Essa mulher que passou mais de sete meses no Presídio Colmeia é mãe de dois filhos: um de 2 anos e 10 meses e outro de 18 anos. Até ser presa dentro do Palácio do Planalto no dia 8 de janeiro, ela gerenciava um restaurante de comidas japonesas. Tem na sua bagagem profissional a experiência de atuar com um renomado chef de cozinha, da sua cidade, mas acabou no segmento de sushi. O patrão e amigo proprietário do restaurante fez questão de recebê-la de volta no trabalho, após seu período no Presídio Colmeia, mas o uso de tornozeleira eletrônica inviabilizou a continuidade, uma vez que não pode trabalhar à noite e nem nos finais de semana.

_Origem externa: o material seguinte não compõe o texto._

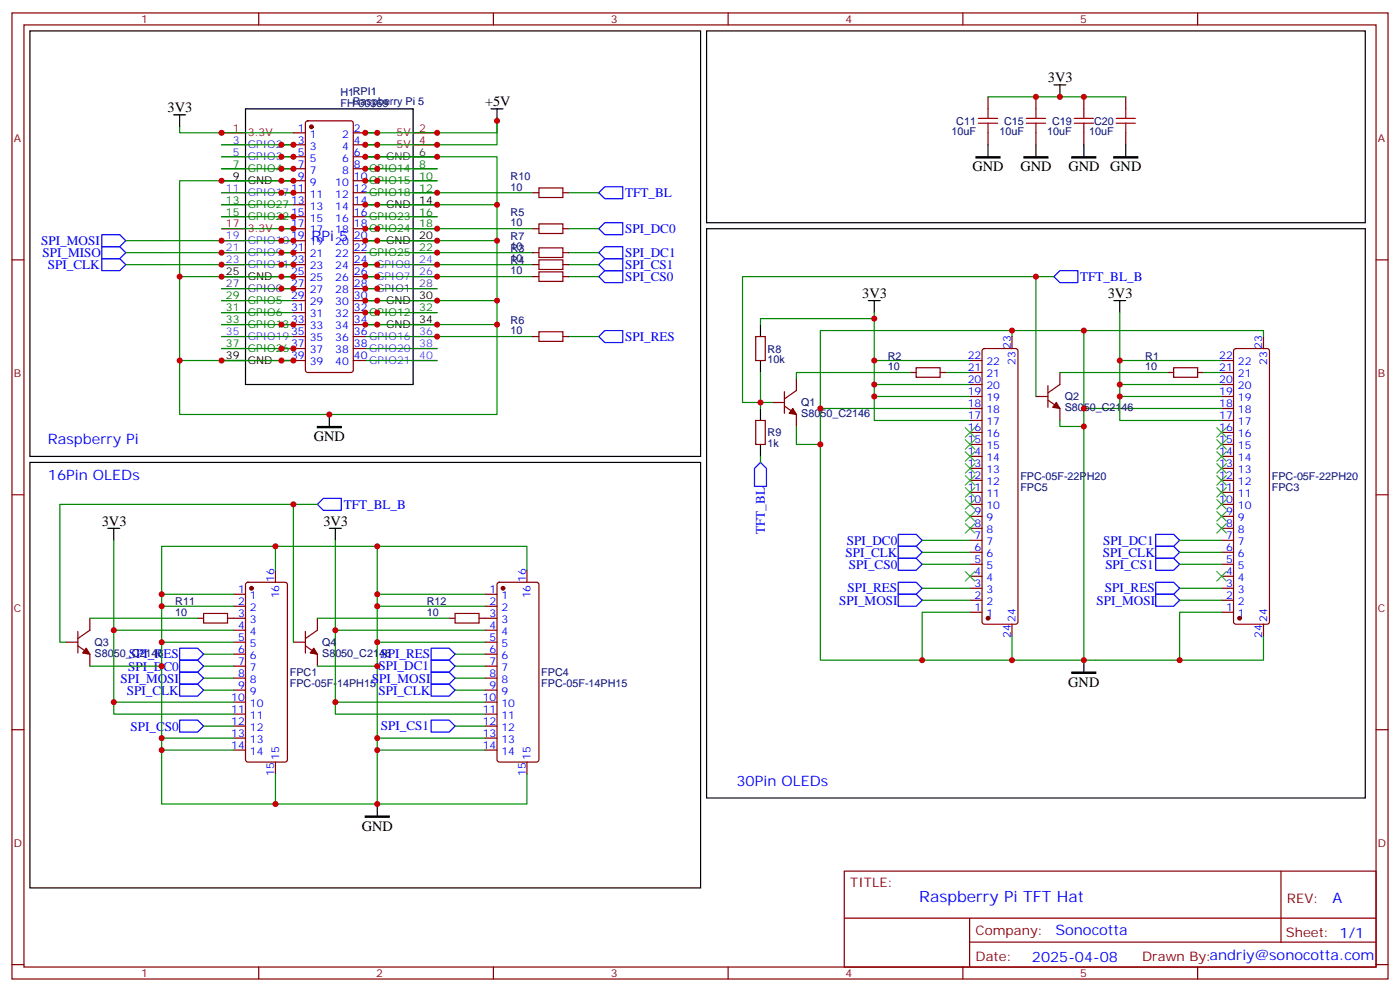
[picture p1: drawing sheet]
<svg xmlns="http://www.w3.org/2000/svg" width="412mm" height="292mm" viewBox="0 0 412 292" stroke-linecap="round" stroke-linejoin="round" font-family="sans-serif">
<g fill="none" stroke="#870000" stroke-width=".35">
<path d="M3.5 3.8h405.4v284.3h-405.4zM7.1 7.3h398.2v277.3h-398.2zM76.2 3.8v3.5M145.3 3.8v3.5M214.5 3.8v3.5M283.6 3.8v3.5M352.8 3.8v3.5M86.4 39.1h3.6M90.2 35.8l.5-.2h12.7l.5 .2 .2 .5v72.6l-.3 .5-.4 .2h-12.7l-.5-.2-.2-.5v-72.6zM104.1 39.1h3.5M291 28.5v3.5M291 39.1v3.5"/>
<path d="M305.2 28.5v3.5M305.2 39.1v3.5M319.3 28.5v3.5M319.3 39.1v3.5M331.6 28.5v3.5M331.6 39.1v3.5M86.4 42.6h3.6M86.4 46.1h3.6M86.4 49.7h3.6M86.4 53.2h3.6M86.4 56.7h3.6M104.1 42.6h3.5"/>
<path d="M104.1 46.1h3.5M104.1 49.7h3.5M104.1 53.2h3.5M104.1 56.7h3.5M157 56.7h1.7M158.7 55.3h7.1v2.8h-7.1zM165.8 56.7h1.8M3.5 76.5h3.6M86.4 60.3h3.6M86.4 63.8h3.6M86.4 67.3h3.6M86.4 77.9h3.6"/>
<path d="M86.4 70.8h3.6M86.4 74.4h3.6M104.1 60.3h3.5M104.1 63.8h3.5M104.1 67.3h3.5M104.1 77.9h3.5M104.1 70.8h3.5M104.1 74.4h3.5M157 67.3h1.7M157 77.9h1.7M157 74.4h1.7M158.7 76.5h7.1v2.8h-7.1z"/>
<path d="M158.7 65.9h7.1v2.8h-7.1zM158.7 73h7.1v2.8h-7.1zM165.8 67.3h1.8M165.8 77.9h1.8M165.8 74.4h1.8M405.3 76.5h3.6M86.4 99.1h3.6M86.4 95.5h3.6M86.4 92h3.6M86.4 88.5h3.6M86.4 84.9h3.6M86.4 81.4h3.6"/>
<path d="M104.1 99.1h3.5M104.1 95.5h3.5M104.1 92h3.5M104.1 88.5h3.5M104.1 84.9h3.5M104.1 81.4h3.5M157 99.1h1.7M157 81.4h1.7M158.7 80h7.1v2.8h-7.1zM158.7 97.6h7.1v2.9h-7.1zM165.8 99.1h1.8M165.8 81.4h1.8"/>
<path d="M222.6 99.1h2.8v7h-2.8zM298.1 99.1v3.5M372.2 99.1v3.5M86.4 106.1h3.6M86.4 102.6h3.6M104.1 106.1h3.5M104.1 102.6h3.5M227.5 118.5h3.6M231.1 119.5l3.5 2.5v3.5M231.1 115.3v6.3M234.6 111.4v3.5l-3.5 2.5M268.1 109.6h1.8"/>
<path d="M269.9 108.2h7v2.9h-7zM276.9 109.6h1.8M285.8 106.1h3.5M285.8 116.7h3.5M285.8 113.2h3.5M285.8 109.6h3.5M289.5 102.8l.5-.2h9.2l.5 .2 .2 .5v79.7l-.3 .5-.4 .2h-9.2l-.5-.2-.2-.5v-79.7zM305.2 116.7h3.5M308.7 117.8l3.5 2.4v3.6M308.7 113.5v6.4M312.2 109.6v3.6l-3.5 2.4M344 109.6h1.7"/>
<path d="M345.7 108.2h7.1v2.9h-7.1zM352.8 109.6h1.7M359.8 106.1h3.6M359.8 116.7h3.6M359.8 113.2h3.6M359.8 109.6h3.6M363.6 102.8l.5-.2h9.1l.5 .2 .2 .5v79.7l-.2 .5-.5 .2h-9.1l-.5-.2-.2-.5v-79.7zM222.6 123.8h2.8v7h-2.8zM285.8 137.9h3.5M285.8 134.3h3.5M285.8 130.8h3.5M285.8 127.3h3.5"/>
<path d="M285.8 123.8h3.5M285.8 120.2h3.5M359.8 137.9h3.6M359.8 134.3h3.6M359.8 130.8h3.6M359.8 127.3h3.6M359.8 123.8h3.6M359.8 120.2h3.6M3.5 145.6h3.6M285.8 159h3.5M285.8 155.5h3.5M285.8 152h3.5"/>
<path d="M285.8 148.4h3.5M285.8 144.9h3.5M285.8 141.4h3.5M359.8 159h3.6M359.8 155.5h3.6M359.8 152h3.6M359.8 148.4h3.6M359.8 144.9h3.6M359.8 141.4h3.6M405.3 145.6h3.6M68.8 178.4h3.5M68.8 174.9h3.5"/>
<path d="M72.6 171.6l.4-.2h11l.6 .4 .1 51.8-.3 .5-.4 .2h-11l-.5-.2-.2-.5v-51.5zM81.1 167.9v3.5M142.9 178.4h3.5M142.9 174.9h3.5M146.6 171.6l.5-.2h10.9l.7 .4v51.8l-.2 .5-.5 .2h-10.9l-.5-.2-.2-.5v-51.5zM155.2 167.9v3.5M285.8 176.7h3.5M285.8 173.1h3.5M285.8 169.6h3.5M285.8 166.1h3.5M285.8 162.6h3.5M359.8 176.7h3.6"/>
<path d="M359.8 173.1h3.6M359.8 169.6h3.6M359.8 166.1h3.6M359.8 162.6h3.6M19.4 189h3.5M22.9 190.1l3.6 2.4v3.6M22.9 185.8v6.4M26.5 182v3.5l-3.6 2.5M58.2 182h1.8M60 180.6h7v2.8h-7zM67 182h5.3M68.8 199.6h3.5"/>
<path d="M68.8 196.1h3.5M68.8 192.5h3.5M68.8 189h3.5M68.8 185.5h3.5M86.4 189h3.6M90 190.1l3.5 2.4v3.6M90 185.8v6.4M93.5 182v3.5l-3.5 2.5M132.3 182h1.8M134.1 180.6h7v2.8h-7zM141.1 182h5.3M142.9 199.6h3.5"/>
<path d="M142.9 196.1h3.5M142.9 192.5h3.5M142.9 189h3.5M142.9 185.5h3.5M285.8 180.2h3.5M298.1 183.7v3.6M359.8 180.2h3.6M372.2 183.7v3.6M3.5 214.8h3.6M68.8 217.2h3.5M68.8 213.7h3.5M68.8 210.2h3.5"/>
<path d="M68.8 206.7h3.5M68.8 203.1h3.5M142.9 217.2h3.5M142.9 213.7h3.5M142.9 210.2h3.5M142.9 206.7h3.5M142.9 203.1h3.5M405.3 214.8h3.6M68.8 220.8h3.5M81.1 224.3v3.5M142.9 220.8h3.5M155.2 224.3v3.5"/>
<path d="M248.7 256.4h156.6v28.2h-156.6zM377.3 256.4v20.9M248.7 270.2h156.5M285.6 277.3h119.6M285.6 270.2v14.2M3.5 283.9h3.6M76.2 284.6v3.5M145.3 284.6v3.5M214.5 284.6v3.5M283.6 284.6v3.5M352.8 284.6v3.5M405.3 283.9h3.6"/>
</g>
<g fill="none" stroke="#000" stroke-width=".35">
<path d="M8.8 9.1h197.6v125.2h-197.6zM208.1 9.1h194.1v56.4h-194.1zM51.2 33.8h3.5M52.9 33.8v3.5M72.3 32h49.4v81.2h-49.4zM144.6 32h3.6M146.4 32v3.6M310.4 25h3.6M312.2 25v3.5M65.3 53.2h7M291 42.6v3.5M305.2 42.6v3.5"/>
<path d="M319.3 42.6v3.5M331.6 42.6v3.5M121.7 60.3h7.1M121.7 70.8h7.1M208.1 67.3h194.1v167.6h-194.1zM65.3 81.4h7M121.7 88.5h7.1M121.7 95.5h7.1M224 95.5v3.6M255.8 88.5h3.5M257.5 88.5v3.5M328.1 88.5h3.5"/>
<path d="M329.8 88.5v3.5M65.3 106.1h7M224 106.1v3.5M8.8 136.1h197.6v125.2h-197.6zM97 122v3.5M224 120.2v3.6M224 130.8v3.5M31.7 155.5h3.6M33.5 155.5v3.5M97 155.5h3.5M98.8 155.5v3.5M319.3 194.3v3.5"/>
<path d="M111.1 236.6v3.6"/>
</g>
<path d="M65.3 39.1h7M121.7 39.1h7.1M121.7 42.6h7.1M65.3 67.3h7" fill="none" stroke="#f00" stroke-width=".35"/>
<path d="M65.3 42.6h7M65.3 46.1h7" fill="none" stroke="#06c" stroke-width=".35"/>
<path d="M121.7 46.1h7.1" fill="none" stroke="#333" stroke-width=".35"/>
<g fill="none" stroke="#060" stroke-width=".35">
<path d="M65.3 49.7h7M121.7 49.7h7.1M121.7 53.2h7.1M121.7 56.7h7.1M65.3 60.3h7M65.3 63.8h7M121.7 63.8h7.1M121.7 67.3h7.1M121.7 74.4h7.1M65.3 88.5h7M65.3 92h7M65.3 95.5h7"/>
<path d="M121.7 92h7.1M65.3 102.6h7"/>
</g>
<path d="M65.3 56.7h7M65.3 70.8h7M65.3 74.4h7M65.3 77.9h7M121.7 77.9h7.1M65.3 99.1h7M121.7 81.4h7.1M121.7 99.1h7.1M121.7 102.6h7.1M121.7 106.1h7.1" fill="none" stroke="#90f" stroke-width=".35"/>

Além do trabalho no restaurante, sempre fez extras para complementar a renda, em especial num buffet itinerante muito requintado que tem na cidade dela. Com a tornozeleira eletrônica, essa possibilidade de ir e vir em qualquer horário não existe mais, então o caminho foi trabalhar na fábrica de joias, a convite do amigo que é proprietário. Na fábrica, tem contato com outras dez pessoas, num ambiente sadio, e consegue a liberação em todas as segundas-feiras à tarde para comparecer no Fórum, seguindo às determinações da liberdade provisória determinada pelo Supremo Tribunal Federal. Está sendo muito bom para ela esse novo momento profissional, porque o filho de 18 anos trabalha no mesmo local.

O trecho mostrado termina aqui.